All lines from the one with "#28165 = CARTESIAN_POINT" through the last are to be given again exactly as they stand in the data below, and only those.

====

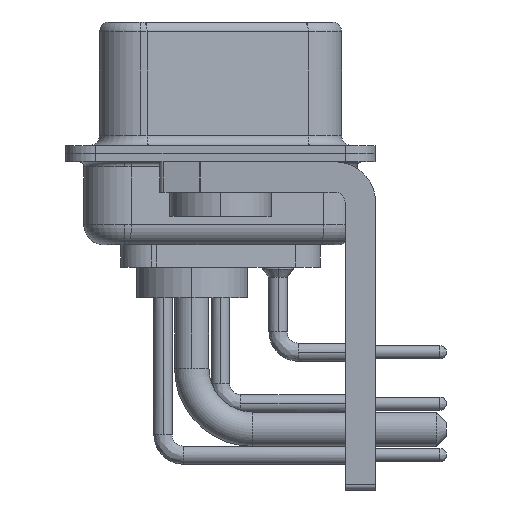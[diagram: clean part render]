
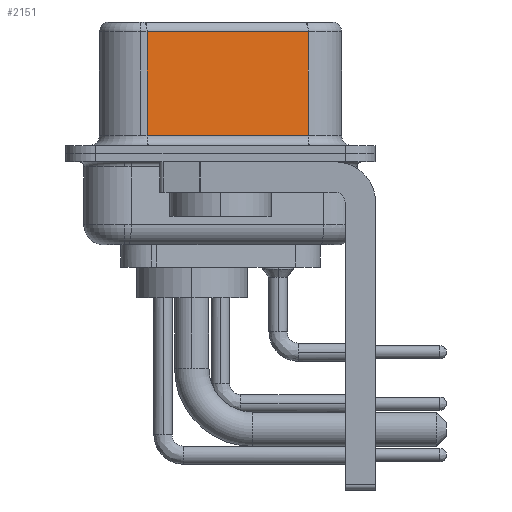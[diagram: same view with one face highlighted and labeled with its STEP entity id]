
A CAD part, left-side view. The second image highlights one B-rep face of the part: STEP entity #2151.
In plain terms, the highlighted planar face has unit normal (-0.985, -0.174, 0).
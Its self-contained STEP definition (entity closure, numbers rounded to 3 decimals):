
#516 = VECTOR ( 'NONE', #21191, 1000. ) ;
#896 = VERTEX_POINT ( 'NONE', #24383 ) ;
#1047 = VECTOR ( 'NONE', #18282, 1000. ) ;
#2151 = ADVANCED_FACE ( 'NONE', ( #18680 ), #24338, .F. ) ;
#2485 = EDGE_CURVE ( 'NONE', #34737, #8951, #17937, .T. ) ;
#3343 = CARTESIAN_POINT ( 'NONE',  ( 3.73, 3.628, 6.52 ) ) ;
#5139 = DIRECTION ( 'NONE',  ( 0.985, 0.174, 0. ) ) ;
#6678 = LINE ( 'NONE', #17521, #13602 ) ;
#7069 = CARTESIAN_POINT ( 'NONE',  ( 5.132, -4.322, 6.02 ) ) ;
#7500 = CARTESIAN_POINT ( 'NONE',  ( 5.132, -4.322, 0.9 ) ) ;
#8538 = LINE ( 'NONE', #3343, #22628 ) ;
#8951 = VERTEX_POINT ( 'NONE', #28165 ) ;
#10483 = CARTESIAN_POINT ( 'NONE',  ( 5.132, -4.322, 6.52 ) ) ;
#11738 = EDGE_CURVE ( 'NONE', #21752, #896, #31856, .T. ) ;
#13220 = EDGE_LOOP ( 'NONE', ( #19079, #33639, #34455, #25112 ) ) ;
#13514 = EDGE_CURVE ( 'NONE', #34737, #896, #6678, .T. ) ;
#13602 = VECTOR ( 'NONE', #35166, 1000. ) ;
#16522 = DIRECTION ( 'NONE',  ( -0.174, 0.985, 0. ) ) ;
#17521 = CARTESIAN_POINT ( 'NONE',  ( 5.132, -4.322, 6.52 ) ) ;
#17937 = LINE ( 'NONE', #20249, #1047 ) ;
#18282 = DIRECTION ( 'NONE',  ( -0.174, 0.985, 0. ) ) ;
#18680 = FACE_OUTER_BOUND ( 'NONE', #13220, .T. ) ;
#19079 = ORIENTED_EDGE ( 'NONE', *, *, #13514, .F. ) ;
#19930 = EDGE_CURVE ( 'NONE', #8951, #21752, #8538, .T. ) ;
#20249 = CARTESIAN_POINT ( 'NONE',  ( 5.132, -4.322, 6.02 ) ) ;
#21191 = DIRECTION ( 'NONE',  ( 0.174, -0.985, 0. ) ) ;
#21752 = VERTEX_POINT ( 'NONE', #21759 ) ;
#21759 = CARTESIAN_POINT ( 'NONE',  ( 3.73, 3.628, 0.9 ) ) ;
#22628 = VECTOR ( 'NONE', #32534, 1000. ) ;
#24338 = PLANE ( 'NONE',  #33293 ) ;
#24383 = CARTESIAN_POINT ( 'NONE',  ( 5.132, -4.322, 0.9 ) ) ;
#25112 = ORIENTED_EDGE ( 'NONE', *, *, #11738, .T. ) ;
#28165 = CARTESIAN_POINT ( 'NONE',  ( 3.73, 3.628, 6.02 ) ) ;
#31856 = LINE ( 'NONE', #7500, #516 ) ;
#32534 = DIRECTION ( 'NONE',  ( 0., 0., -1. ) ) ;
#33293 = AXIS2_PLACEMENT_3D ( 'NONE', #10483, #5139, #16522 ) ;
#33639 = ORIENTED_EDGE ( 'NONE', *, *, #2485, .T. ) ;
#34455 = ORIENTED_EDGE ( 'NONE', *, *, #19930, .T. ) ;
#34737 = VERTEX_POINT ( 'NONE', #7069 ) ;
#35166 = DIRECTION ( 'NONE',  ( 0., 0., -1. ) ) ;

====

- _SOLUTION_:
#28165 = CARTESIAN_POINT ( 'NONE',  ( 3.73, 3.628, 6.02 ) ) ;
#31856 = LINE ( 'NONE', #7500, #516 ) ;
#32534 = DIRECTION ( 'NONE',  ( 0., 0., -1. ) ) ;
#33293 = AXIS2_PLACEMENT_3D ( 'NONE', #10483, #5139, #16522 ) ;
#33639 = ORIENTED_EDGE ( 'NONE', *, *, #2485, .T. ) ;
#34455 = ORIENTED_EDGE ( 'NONE', *, *, #19930, .T. ) ;
#34737 = VERTEX_POINT ( 'NONE', #7069 ) ;
#35166 = DIRECTION ( 'NONE',  ( 0., 0., -1. ) ) ;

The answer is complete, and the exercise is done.